** LISTED ENTRIES follows **

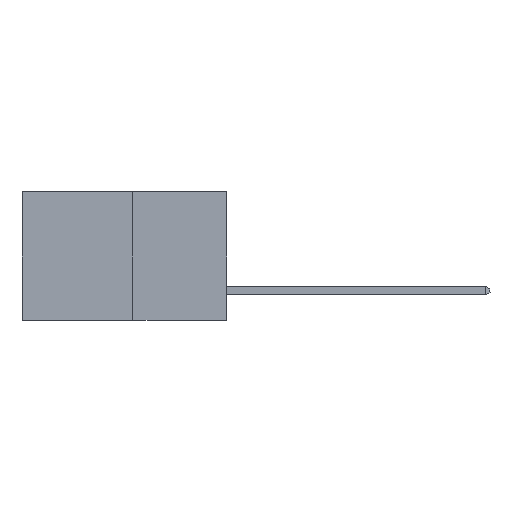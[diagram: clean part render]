
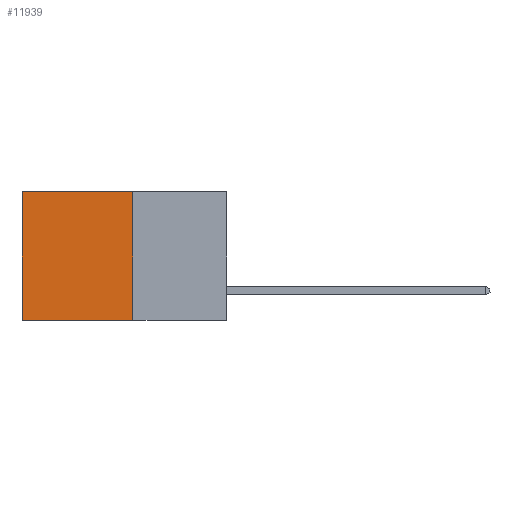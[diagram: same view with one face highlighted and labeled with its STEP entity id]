
A CAD part, left-side view. The second image highlights one B-rep face of the part: STEP entity #11939.
In plain terms, the highlighted planar face has unit normal (-1, 0, 0).
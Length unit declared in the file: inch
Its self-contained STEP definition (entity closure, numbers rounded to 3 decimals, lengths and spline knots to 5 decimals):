
#200 = VERTEX_POINT ( 'NONE', #10154 ) ;
#401 = LINE ( 'NONE', #7602, #6302 ) ;
#1173 = DIRECTION ( 'NONE',  ( 0., 0., -1. ) ) ;
#1384 = CARTESIAN_POINT ( 'NONE',  ( 0.277, 0.27, 0. ) ) ;
#1399 = PLANE ( 'NONE',  #9247 ) ;
#1615 = EDGE_CURVE ( 'NONE', #8413, #200, #401, .T. ) ;
#2685 = LINE ( 'NONE', #6297, #11323 ) ;
#3142 = CARTESIAN_POINT ( 'NONE',  ( 0.277, 0.59, 0. ) ) ;
#3561 = EDGE_LOOP ( 'NONE', ( #4795, #7320, #4614, #12142 ) ) ;
#4068 = CARTESIAN_POINT ( 'NONE',  ( 0.277, 0.27, 0. ) ) ;
#4614 = ORIENTED_EDGE ( 'NONE', *, *, #7433, .F. ) ;
#4795 = ORIENTED_EDGE ( 'NONE', *, *, #1615, .T. ) ;
#4796 = EDGE_CURVE ( 'NONE', #11067, #200, #2685, .T. ) ;
#4926 = CARTESIAN_POINT ( 'NONE',  ( 0.277, 0.27, -0.37 ) ) ;
#5463 = EDGE_CURVE ( 'NONE', #10623, #8413, #6270, .T. ) ;
#6022 = LINE ( 'NONE', #9233, #8690 ) ;
#6087 = DIRECTION ( 'NONE',  ( 1., 0., 0. ) ) ;
#6270 = LINE ( 'NONE', #4068, #6611 ) ;
#6297 = CARTESIAN_POINT ( 'NONE',  ( 0.277, 0.27, -0.37 ) ) ;
#6302 = VECTOR ( 'NONE', #7620, 39.37008 ) ;
#6611 = VECTOR ( 'NONE', #11881, 39.37008 ) ;
#7037 = FACE_OUTER_BOUND ( 'NONE', #3561, .T. ) ;
#7320 = ORIENTED_EDGE ( 'NONE', *, *, #4796, .F. ) ;
#7433 = EDGE_CURVE ( 'NONE', #10623, #11067, #6022, .T. ) ;
#7450 = DIRECTION ( 'NONE',  ( 0., 1., 0. ) ) ;
#7602 = CARTESIAN_POINT ( 'NONE',  ( 0.277, 0.59, -0.37 ) ) ;
#7620 = DIRECTION ( 'NONE',  ( 0., 0., -1. ) ) ;
#8413 = VERTEX_POINT ( 'NONE', #3142 ) ;
#8690 = VECTOR ( 'NONE', #1173, 39.37008 ) ;
#9233 = CARTESIAN_POINT ( 'NONE',  ( 0.277, 0.27, -0.37 ) ) ;
#9247 = AXIS2_PLACEMENT_3D ( 'NONE', #4926, #6087, #13794 ) ;
#10154 = CARTESIAN_POINT ( 'NONE',  ( 0.277, 0.59, -0.37 ) ) ;
#10623 = VERTEX_POINT ( 'NONE', #1384 ) ;
#11067 = VERTEX_POINT ( 'NONE', #14432 ) ;
#11323 = VECTOR ( 'NONE', #7450, 39.37008 ) ;
#11881 = DIRECTION ( 'NONE',  ( 0., 1., 0. ) ) ;
#11939 = ADVANCED_FACE ( 'NONE', ( #7037 ), #1399, .F. ) ;
#12142 = ORIENTED_EDGE ( 'NONE', *, *, #5463, .T. ) ;
#13794 = DIRECTION ( 'NONE',  ( 0., 0., -1. ) ) ;
#14432 = CARTESIAN_POINT ( 'NONE',  ( 0.277, 0.27, -0.37 ) ) ;

** End of LISTED ENTRIES **

_TASK TO CARRY OUT_
We ask that the entries above be copied exactly, with the pictures omitted.

_TASK RESPONSE_
[diagram: clean part render]
[diagram: same view with one face highlighted and labeled with its STEP entity id]
A CAD part, left-side view. The second image highlights one B-rep face of the part: STEP entity #11939.
In plain terms, the highlighted planar face has unit normal (-1, 0, 0).
Length unit declared in the file: inch
Its self-contained STEP definition (entity closure, numbers rounded to 3 decimals, lengths and spline knots to 5 decimals):
#200 = VERTEX_POINT ( 'NONE', #10154 ) ;
#401 = LINE ( 'NONE', #7602, #6302 ) ;
#1173 = DIRECTION ( 'NONE',  ( 0., 0., -1. ) ) ;
#1384 = CARTESIAN_POINT ( 'NONE',  ( 0.277, 0.27, 0. ) ) ;
#1399 = PLANE ( 'NONE',  #9247 ) ;
#1615 = EDGE_CURVE ( 'NONE', #8413, #200, #401, .T. ) ;
#2685 = LINE ( 'NONE', #6297, #11323 ) ;
#3142 = CARTESIAN_POINT ( 'NONE',  ( 0.277, 0.59, 0. ) ) ;
#3561 = EDGE_LOOP ( 'NONE', ( #4795, #7320, #4614, #12142 ) ) ;
#4068 = CARTESIAN_POINT ( 'NONE',  ( 0.277, 0.27, 0. ) ) ;
#4614 = ORIENTED_EDGE ( 'NONE', *, *, #7433, .F. ) ;
#4795 = ORIENTED_EDGE ( 'NONE', *, *, #1615, .T. ) ;
#4796 = EDGE_CURVE ( 'NONE', #11067, #200, #2685, .T. ) ;
#4926 = CARTESIAN_POINT ( 'NONE',  ( 0.277, 0.27, -0.37 ) ) ;
#5463 = EDGE_CURVE ( 'NONE', #10623, #8413, #6270, .T. ) ;
#6022 = LINE ( 'NONE', #9233, #8690 ) ;
#6087 = DIRECTION ( 'NONE',  ( 1., 0., 0. ) ) ;
#6270 = LINE ( 'NONE', #4068, #6611 ) ;
#6297 = CARTESIAN_POINT ( 'NONE',  ( 0.277, 0.27, -0.37 ) ) ;
#6302 = VECTOR ( 'NONE', #7620, 39.37008 ) ;
#6611 = VECTOR ( 'NONE', #11881, 39.37008 ) ;
#7037 = FACE_OUTER_BOUND ( 'NONE', #3561, .T. ) ;
#7320 = ORIENTED_EDGE ( 'NONE', *, *, #4796, .F. ) ;
#7433 = EDGE_CURVE ( 'NONE', #10623, #11067, #6022, .T. ) ;
#7450 = DIRECTION ( 'NONE',  ( 0., 1., 0. ) ) ;
#7602 = CARTESIAN_POINT ( 'NONE',  ( 0.277, 0.59, -0.37 ) ) ;
#7620 = DIRECTION ( 'NONE',  ( 0., 0., -1. ) ) ;
#8413 = VERTEX_POINT ( 'NONE', #3142 ) ;
#8690 = VECTOR ( 'NONE', #1173, 39.37008 ) ;
#9233 = CARTESIAN_POINT ( 'NONE',  ( 0.277, 0.27, -0.37 ) ) ;
#9247 = AXIS2_PLACEMENT_3D ( 'NONE', #4926, #6087, #13794 ) ;
#10154 = CARTESIAN_POINT ( 'NONE',  ( 0.277, 0.59, -0.37 ) ) ;
#10623 = VERTEX_POINT ( 'NONE', #1384 ) ;
#11067 = VERTEX_POINT ( 'NONE', #14432 ) ;
#11323 = VECTOR ( 'NONE', #7450, 39.37008 ) ;
#11881 = DIRECTION ( 'NONE',  ( 0., 1., 0. ) ) ;
#11939 = ADVANCED_FACE ( 'NONE', ( #7037 ), #1399, .F. ) ;
#12142 = ORIENTED_EDGE ( 'NONE', *, *, #5463, .T. ) ;
#13794 = DIRECTION ( 'NONE',  ( 0., 0., -1. ) ) ;
#14432 = CARTESIAN_POINT ( 'NONE',  ( 0.277, 0.27, -0.37 ) ) ;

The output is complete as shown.